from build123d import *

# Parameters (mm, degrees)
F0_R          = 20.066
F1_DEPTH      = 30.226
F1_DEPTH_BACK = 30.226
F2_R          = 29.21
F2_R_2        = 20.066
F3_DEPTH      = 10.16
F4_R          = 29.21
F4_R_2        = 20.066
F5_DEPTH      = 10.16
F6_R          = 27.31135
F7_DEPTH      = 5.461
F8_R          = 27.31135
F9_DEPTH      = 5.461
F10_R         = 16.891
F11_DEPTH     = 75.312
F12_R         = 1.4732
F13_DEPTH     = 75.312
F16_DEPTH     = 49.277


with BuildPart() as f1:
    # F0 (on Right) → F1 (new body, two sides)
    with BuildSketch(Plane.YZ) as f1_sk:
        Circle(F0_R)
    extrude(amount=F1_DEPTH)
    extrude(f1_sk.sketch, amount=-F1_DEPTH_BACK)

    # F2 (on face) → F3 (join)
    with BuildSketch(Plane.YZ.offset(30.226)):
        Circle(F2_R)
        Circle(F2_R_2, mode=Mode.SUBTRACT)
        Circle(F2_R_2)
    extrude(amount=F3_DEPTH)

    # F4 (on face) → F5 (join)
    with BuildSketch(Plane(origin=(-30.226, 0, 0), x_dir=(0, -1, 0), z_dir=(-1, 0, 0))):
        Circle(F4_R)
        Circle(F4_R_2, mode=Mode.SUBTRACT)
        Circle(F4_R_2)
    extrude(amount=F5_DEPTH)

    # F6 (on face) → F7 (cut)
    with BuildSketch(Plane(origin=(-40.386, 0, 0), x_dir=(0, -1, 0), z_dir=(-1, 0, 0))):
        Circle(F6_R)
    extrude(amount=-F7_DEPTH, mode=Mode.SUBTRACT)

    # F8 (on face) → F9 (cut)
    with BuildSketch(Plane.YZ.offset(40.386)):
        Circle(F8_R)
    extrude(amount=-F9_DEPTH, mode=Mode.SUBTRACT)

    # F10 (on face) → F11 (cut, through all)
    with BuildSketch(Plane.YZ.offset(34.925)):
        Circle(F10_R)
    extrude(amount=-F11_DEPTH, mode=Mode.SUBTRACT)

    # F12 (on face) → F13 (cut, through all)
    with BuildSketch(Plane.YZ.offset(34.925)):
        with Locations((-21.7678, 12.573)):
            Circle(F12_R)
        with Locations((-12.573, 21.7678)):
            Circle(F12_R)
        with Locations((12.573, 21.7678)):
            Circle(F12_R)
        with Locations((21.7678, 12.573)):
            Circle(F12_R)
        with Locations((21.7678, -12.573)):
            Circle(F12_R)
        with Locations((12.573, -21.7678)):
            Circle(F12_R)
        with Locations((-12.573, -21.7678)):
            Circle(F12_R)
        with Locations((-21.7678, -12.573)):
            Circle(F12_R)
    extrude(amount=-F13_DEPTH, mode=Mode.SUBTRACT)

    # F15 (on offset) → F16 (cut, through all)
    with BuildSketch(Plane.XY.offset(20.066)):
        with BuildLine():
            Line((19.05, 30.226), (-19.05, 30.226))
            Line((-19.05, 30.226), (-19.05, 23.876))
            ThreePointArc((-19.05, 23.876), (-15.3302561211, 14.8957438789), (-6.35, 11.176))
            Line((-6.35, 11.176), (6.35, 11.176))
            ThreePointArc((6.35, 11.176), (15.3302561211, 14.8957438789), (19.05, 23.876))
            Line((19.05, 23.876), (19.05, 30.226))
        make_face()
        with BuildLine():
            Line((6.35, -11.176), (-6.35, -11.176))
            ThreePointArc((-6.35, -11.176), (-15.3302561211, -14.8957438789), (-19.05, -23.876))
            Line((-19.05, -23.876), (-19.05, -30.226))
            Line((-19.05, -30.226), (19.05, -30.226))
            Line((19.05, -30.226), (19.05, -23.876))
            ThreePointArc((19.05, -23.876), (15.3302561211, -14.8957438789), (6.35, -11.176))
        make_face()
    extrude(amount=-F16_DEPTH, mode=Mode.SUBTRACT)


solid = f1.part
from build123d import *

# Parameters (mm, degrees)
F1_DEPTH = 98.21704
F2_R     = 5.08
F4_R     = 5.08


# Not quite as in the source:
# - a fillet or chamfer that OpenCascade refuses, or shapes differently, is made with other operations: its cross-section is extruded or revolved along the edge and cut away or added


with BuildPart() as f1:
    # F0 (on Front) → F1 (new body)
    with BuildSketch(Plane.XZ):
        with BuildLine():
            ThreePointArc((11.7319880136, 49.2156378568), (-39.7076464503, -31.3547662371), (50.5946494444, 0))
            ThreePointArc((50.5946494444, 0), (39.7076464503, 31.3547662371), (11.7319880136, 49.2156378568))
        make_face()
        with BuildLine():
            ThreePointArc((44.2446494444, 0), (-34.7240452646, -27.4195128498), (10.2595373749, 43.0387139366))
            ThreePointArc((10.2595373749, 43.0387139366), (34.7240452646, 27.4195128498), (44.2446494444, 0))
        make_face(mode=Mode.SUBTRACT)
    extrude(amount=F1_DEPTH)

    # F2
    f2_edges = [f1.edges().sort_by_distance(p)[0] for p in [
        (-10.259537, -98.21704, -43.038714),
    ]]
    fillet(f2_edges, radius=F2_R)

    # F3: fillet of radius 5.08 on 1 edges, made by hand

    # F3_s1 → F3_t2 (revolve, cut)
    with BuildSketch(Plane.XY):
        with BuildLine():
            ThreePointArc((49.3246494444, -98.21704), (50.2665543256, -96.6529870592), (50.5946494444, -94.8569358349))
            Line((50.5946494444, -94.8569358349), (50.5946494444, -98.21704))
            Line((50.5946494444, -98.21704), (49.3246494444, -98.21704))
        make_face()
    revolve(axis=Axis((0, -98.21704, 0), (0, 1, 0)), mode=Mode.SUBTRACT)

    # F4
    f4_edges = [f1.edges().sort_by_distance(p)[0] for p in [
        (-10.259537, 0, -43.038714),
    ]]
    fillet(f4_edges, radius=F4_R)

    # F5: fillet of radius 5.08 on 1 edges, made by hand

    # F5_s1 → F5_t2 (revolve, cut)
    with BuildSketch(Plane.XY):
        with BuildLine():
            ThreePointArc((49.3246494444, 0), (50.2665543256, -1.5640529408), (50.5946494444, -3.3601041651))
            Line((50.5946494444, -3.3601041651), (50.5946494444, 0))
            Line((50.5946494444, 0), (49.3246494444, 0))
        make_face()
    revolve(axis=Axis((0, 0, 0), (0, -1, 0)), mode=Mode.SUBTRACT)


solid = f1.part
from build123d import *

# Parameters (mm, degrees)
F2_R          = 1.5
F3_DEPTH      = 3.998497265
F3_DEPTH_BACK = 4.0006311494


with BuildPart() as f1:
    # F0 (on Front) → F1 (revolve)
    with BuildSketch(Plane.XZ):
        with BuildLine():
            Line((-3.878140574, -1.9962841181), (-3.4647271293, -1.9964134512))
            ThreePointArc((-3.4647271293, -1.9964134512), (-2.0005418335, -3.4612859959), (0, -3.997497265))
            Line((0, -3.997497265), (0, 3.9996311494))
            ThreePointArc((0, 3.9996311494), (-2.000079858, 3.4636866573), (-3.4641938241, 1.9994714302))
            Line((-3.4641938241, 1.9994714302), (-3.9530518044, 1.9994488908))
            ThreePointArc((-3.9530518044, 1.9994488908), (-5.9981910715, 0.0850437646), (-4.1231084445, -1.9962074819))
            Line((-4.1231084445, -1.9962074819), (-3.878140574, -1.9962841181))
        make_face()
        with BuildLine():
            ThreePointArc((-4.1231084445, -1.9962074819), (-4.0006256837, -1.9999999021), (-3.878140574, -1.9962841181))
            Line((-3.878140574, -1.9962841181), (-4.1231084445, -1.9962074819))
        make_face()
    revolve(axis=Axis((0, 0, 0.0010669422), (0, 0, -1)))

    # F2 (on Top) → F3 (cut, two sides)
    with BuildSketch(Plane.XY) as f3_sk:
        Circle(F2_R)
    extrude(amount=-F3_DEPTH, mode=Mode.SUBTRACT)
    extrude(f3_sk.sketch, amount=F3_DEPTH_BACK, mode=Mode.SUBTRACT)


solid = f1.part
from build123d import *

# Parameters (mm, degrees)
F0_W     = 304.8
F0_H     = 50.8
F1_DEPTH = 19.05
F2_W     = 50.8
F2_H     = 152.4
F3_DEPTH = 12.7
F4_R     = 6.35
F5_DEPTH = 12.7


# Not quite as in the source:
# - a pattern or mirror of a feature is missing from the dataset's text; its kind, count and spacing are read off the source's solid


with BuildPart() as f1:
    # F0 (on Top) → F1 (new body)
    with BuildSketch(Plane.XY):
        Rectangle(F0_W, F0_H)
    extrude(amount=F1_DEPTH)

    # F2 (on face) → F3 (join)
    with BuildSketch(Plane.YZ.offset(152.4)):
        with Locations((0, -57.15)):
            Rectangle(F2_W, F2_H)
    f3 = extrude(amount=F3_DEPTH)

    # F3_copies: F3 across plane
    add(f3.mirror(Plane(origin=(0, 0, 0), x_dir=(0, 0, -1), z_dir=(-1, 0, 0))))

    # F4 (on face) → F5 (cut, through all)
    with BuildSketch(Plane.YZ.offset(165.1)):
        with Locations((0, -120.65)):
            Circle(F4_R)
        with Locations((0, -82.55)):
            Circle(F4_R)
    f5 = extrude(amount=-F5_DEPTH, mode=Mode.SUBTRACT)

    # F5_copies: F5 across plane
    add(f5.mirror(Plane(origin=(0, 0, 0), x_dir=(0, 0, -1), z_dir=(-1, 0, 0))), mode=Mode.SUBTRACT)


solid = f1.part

-------

- **Task goal**
The required output is the stretch of entries above from the line containing "14.8957438789), (19.05, 23.876))" through the line containing "Line((-19.05, -30.226), (19.05, -30.226))", reproduced exactly.

- **Written solution**
            ThreePointArc((6.35, 11.176), (15.3302561211, 14.8957438789), (19.05, 23.876))
            Line((19.05, 23.876), (19.05, 30.226))
        make_face()
        with BuildLine():
            Line((6.35, -11.176), (-6.35, -11.176))
            ThreePointArc((-6.35, -11.176), (-15.3302561211, -14.8957438789), (-19.05, -23.876))
            Line((-19.05, -23.876), (-19.05, -30.226))
            Line((-19.05, -30.226), (19.05, -30.226))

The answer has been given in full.